Available records:
# # #

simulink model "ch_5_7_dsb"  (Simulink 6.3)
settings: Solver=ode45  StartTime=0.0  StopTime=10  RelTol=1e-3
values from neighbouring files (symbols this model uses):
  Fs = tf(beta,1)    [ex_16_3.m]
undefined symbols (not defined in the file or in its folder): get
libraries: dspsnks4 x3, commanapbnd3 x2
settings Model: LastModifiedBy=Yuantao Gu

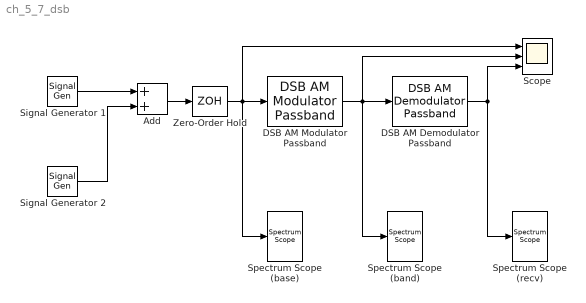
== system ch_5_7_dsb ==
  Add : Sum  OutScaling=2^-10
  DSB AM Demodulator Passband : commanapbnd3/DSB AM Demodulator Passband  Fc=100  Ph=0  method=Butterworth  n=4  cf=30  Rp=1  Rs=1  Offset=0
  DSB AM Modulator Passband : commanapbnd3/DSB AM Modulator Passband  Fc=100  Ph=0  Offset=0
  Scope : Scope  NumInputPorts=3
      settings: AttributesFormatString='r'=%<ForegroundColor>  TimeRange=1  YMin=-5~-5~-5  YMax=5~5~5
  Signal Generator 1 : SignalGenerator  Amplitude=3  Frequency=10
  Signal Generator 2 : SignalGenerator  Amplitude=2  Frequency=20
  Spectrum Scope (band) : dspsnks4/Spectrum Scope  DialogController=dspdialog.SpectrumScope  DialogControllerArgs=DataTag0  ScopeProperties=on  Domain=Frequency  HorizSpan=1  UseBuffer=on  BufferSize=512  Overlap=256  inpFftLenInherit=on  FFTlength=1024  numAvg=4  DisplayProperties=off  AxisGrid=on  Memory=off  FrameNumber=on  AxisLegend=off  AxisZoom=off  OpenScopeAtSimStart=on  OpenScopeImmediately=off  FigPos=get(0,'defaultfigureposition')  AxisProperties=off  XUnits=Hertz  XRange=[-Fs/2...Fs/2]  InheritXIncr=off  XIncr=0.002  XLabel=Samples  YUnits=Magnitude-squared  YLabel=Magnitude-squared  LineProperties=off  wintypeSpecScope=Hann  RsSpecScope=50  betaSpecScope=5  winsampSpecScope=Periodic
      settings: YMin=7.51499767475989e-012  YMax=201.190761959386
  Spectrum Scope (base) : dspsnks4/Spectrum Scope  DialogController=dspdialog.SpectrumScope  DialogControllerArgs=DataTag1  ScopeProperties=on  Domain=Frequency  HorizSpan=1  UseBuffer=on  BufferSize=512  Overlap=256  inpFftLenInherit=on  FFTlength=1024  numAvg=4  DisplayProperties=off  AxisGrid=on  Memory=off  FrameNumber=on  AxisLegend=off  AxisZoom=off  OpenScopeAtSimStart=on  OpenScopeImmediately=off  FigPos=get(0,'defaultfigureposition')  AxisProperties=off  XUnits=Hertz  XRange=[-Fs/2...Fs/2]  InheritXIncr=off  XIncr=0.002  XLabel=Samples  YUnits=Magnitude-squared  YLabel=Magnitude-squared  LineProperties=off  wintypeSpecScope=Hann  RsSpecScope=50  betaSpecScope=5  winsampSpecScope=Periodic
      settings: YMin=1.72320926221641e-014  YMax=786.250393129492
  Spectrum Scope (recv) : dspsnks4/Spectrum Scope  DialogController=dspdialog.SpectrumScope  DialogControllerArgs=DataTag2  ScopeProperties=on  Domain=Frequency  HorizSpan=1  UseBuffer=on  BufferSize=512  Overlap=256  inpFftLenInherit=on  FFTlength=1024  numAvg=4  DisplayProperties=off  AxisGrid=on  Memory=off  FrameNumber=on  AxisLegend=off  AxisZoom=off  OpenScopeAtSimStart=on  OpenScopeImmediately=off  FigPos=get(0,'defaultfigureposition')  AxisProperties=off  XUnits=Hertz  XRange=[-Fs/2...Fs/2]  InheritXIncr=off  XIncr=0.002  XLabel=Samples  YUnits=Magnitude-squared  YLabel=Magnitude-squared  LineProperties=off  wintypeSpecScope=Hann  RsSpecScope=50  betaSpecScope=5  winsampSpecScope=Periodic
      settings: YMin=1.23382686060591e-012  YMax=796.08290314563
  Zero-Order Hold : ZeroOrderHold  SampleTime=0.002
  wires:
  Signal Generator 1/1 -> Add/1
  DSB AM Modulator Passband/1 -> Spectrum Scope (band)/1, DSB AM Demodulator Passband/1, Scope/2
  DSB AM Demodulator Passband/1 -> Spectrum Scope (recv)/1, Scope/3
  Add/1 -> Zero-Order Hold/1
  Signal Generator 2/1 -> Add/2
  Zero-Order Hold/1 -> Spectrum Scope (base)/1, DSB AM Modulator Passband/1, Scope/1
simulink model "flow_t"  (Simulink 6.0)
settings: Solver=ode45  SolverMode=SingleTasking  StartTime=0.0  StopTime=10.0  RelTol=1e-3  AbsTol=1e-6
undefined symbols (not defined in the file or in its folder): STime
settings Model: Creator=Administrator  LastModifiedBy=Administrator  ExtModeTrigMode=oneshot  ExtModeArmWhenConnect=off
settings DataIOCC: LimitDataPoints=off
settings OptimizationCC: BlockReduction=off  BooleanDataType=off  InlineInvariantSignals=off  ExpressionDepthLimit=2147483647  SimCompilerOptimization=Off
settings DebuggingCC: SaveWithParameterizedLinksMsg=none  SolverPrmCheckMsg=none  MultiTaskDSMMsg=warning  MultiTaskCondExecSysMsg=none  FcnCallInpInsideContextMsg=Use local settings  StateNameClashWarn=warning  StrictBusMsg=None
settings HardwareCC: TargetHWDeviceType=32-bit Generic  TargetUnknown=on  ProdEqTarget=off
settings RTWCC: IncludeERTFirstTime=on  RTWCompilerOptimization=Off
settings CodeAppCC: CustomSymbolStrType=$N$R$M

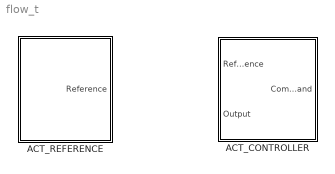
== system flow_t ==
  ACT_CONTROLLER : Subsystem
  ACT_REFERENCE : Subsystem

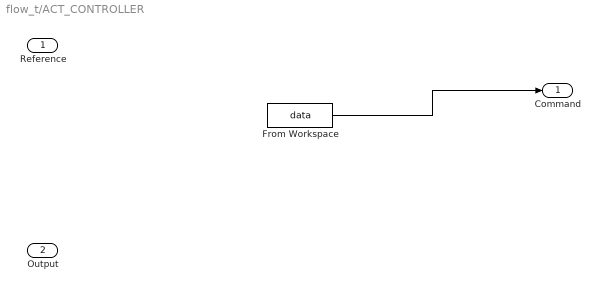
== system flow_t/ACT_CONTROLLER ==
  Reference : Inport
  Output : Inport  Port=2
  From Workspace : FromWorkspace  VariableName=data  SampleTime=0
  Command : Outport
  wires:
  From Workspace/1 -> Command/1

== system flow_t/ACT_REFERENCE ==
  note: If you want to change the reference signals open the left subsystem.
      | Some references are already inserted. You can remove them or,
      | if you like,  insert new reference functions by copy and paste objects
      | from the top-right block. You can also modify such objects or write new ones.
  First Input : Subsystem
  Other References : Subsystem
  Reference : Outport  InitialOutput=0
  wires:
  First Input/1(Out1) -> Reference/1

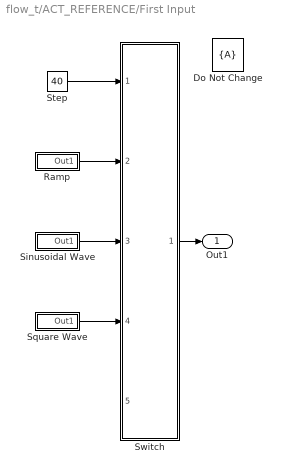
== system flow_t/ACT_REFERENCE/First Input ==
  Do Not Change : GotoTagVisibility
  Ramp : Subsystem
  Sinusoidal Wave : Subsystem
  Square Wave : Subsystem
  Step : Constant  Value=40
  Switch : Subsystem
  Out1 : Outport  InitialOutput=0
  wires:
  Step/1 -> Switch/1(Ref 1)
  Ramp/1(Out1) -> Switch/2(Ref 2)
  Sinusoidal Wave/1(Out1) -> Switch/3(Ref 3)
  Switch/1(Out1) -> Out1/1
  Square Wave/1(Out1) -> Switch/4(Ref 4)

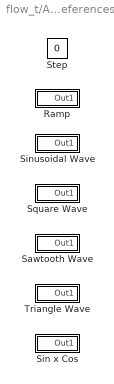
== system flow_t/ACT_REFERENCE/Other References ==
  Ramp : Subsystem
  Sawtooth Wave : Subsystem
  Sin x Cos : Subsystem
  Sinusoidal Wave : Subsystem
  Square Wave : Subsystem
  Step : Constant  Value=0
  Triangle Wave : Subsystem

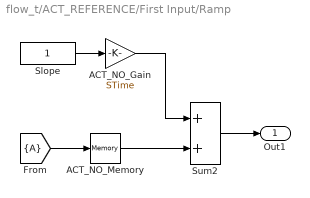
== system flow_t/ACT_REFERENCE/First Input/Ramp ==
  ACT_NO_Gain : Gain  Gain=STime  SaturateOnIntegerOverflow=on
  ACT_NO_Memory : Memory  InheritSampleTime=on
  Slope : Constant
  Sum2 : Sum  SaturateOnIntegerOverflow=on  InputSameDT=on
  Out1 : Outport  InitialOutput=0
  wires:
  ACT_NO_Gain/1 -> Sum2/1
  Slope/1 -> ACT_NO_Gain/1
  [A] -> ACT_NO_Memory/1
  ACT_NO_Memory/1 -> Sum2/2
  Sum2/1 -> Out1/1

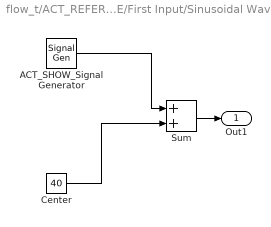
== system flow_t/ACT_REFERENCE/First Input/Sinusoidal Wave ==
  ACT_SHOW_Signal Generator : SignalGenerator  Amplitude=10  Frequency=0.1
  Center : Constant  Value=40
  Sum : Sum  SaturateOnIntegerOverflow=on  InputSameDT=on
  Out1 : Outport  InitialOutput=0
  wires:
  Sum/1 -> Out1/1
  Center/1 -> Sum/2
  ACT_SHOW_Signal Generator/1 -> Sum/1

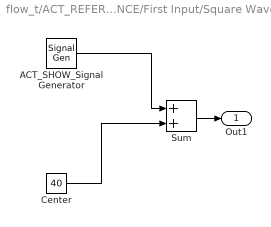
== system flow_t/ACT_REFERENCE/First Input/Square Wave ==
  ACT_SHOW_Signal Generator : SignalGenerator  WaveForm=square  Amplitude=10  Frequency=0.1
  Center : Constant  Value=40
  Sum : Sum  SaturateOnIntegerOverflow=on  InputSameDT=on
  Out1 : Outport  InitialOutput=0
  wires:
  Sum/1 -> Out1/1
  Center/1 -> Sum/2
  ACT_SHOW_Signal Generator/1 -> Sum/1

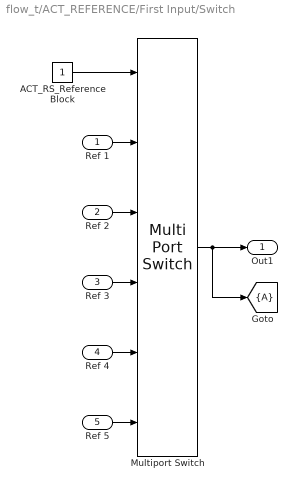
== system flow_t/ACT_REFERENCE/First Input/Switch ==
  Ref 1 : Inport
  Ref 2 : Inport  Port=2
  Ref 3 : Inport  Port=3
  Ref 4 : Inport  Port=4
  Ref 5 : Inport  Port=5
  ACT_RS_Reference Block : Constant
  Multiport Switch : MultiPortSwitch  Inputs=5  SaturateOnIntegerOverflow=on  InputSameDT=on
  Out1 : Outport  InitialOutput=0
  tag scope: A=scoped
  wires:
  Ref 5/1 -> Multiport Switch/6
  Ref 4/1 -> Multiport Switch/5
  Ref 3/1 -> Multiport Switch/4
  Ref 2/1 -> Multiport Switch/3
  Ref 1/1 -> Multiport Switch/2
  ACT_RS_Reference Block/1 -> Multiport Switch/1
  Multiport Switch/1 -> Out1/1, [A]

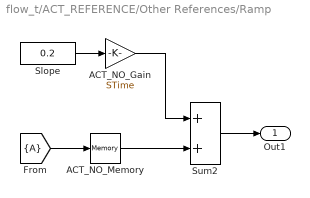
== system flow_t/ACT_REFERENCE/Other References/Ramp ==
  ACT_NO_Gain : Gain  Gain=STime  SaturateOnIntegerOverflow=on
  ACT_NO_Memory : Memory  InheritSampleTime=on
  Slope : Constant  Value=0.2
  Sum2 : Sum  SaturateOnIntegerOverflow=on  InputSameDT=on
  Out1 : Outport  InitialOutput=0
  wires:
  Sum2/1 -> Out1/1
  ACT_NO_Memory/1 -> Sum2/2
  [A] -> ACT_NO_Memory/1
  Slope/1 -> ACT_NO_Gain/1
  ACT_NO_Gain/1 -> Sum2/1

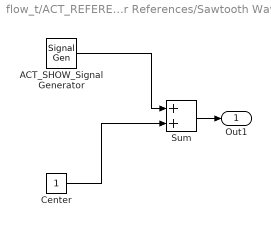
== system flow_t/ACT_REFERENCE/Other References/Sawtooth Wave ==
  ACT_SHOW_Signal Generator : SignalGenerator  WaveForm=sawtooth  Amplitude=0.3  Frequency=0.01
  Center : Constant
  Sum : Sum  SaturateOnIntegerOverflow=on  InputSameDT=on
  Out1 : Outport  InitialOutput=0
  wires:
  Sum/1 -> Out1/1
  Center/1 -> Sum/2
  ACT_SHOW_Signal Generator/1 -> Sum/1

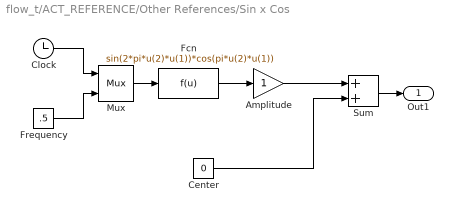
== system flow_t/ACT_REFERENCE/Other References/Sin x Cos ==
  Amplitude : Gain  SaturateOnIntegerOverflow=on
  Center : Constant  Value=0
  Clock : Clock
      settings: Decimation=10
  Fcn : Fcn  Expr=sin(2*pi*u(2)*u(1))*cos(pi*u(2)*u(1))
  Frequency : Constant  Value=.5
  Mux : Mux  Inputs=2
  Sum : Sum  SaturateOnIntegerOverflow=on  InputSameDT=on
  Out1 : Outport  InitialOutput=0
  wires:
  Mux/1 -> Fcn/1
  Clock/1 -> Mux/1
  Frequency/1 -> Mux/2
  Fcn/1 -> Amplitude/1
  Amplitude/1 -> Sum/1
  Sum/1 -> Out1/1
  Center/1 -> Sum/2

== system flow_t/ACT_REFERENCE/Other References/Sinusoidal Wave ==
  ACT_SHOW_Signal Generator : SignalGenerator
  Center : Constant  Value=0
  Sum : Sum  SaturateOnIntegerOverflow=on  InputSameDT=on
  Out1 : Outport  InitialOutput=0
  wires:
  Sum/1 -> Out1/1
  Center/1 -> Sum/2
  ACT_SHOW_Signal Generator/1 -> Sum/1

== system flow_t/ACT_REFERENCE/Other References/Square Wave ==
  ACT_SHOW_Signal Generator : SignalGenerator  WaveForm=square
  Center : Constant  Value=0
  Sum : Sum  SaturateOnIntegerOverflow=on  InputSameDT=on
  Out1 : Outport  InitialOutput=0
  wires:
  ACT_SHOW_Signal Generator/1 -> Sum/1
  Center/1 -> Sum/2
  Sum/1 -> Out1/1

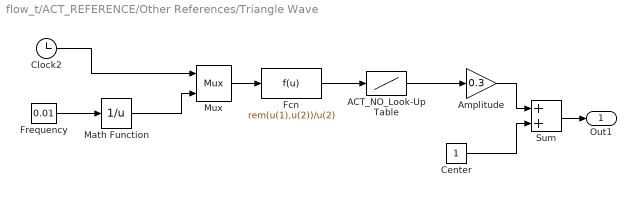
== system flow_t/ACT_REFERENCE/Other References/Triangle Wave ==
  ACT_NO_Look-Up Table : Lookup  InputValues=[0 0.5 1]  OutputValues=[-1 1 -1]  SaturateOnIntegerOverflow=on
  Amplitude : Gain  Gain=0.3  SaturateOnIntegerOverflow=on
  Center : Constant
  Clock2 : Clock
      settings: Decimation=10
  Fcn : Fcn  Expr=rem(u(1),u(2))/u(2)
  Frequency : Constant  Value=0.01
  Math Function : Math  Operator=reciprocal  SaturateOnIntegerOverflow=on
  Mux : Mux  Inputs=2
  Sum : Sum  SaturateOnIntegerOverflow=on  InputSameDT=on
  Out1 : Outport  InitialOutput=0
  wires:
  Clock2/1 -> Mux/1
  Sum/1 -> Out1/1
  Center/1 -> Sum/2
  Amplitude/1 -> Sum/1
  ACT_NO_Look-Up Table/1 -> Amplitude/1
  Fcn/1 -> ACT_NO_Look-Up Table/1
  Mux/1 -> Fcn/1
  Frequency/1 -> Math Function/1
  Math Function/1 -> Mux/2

# # #

In the data above, find each line that has the word "Simulink" and copy it out.

simulink model "ch_5_7_dsb"  (Simulink 6.3)
simulink model "flow_t"  (Simulink 6.0)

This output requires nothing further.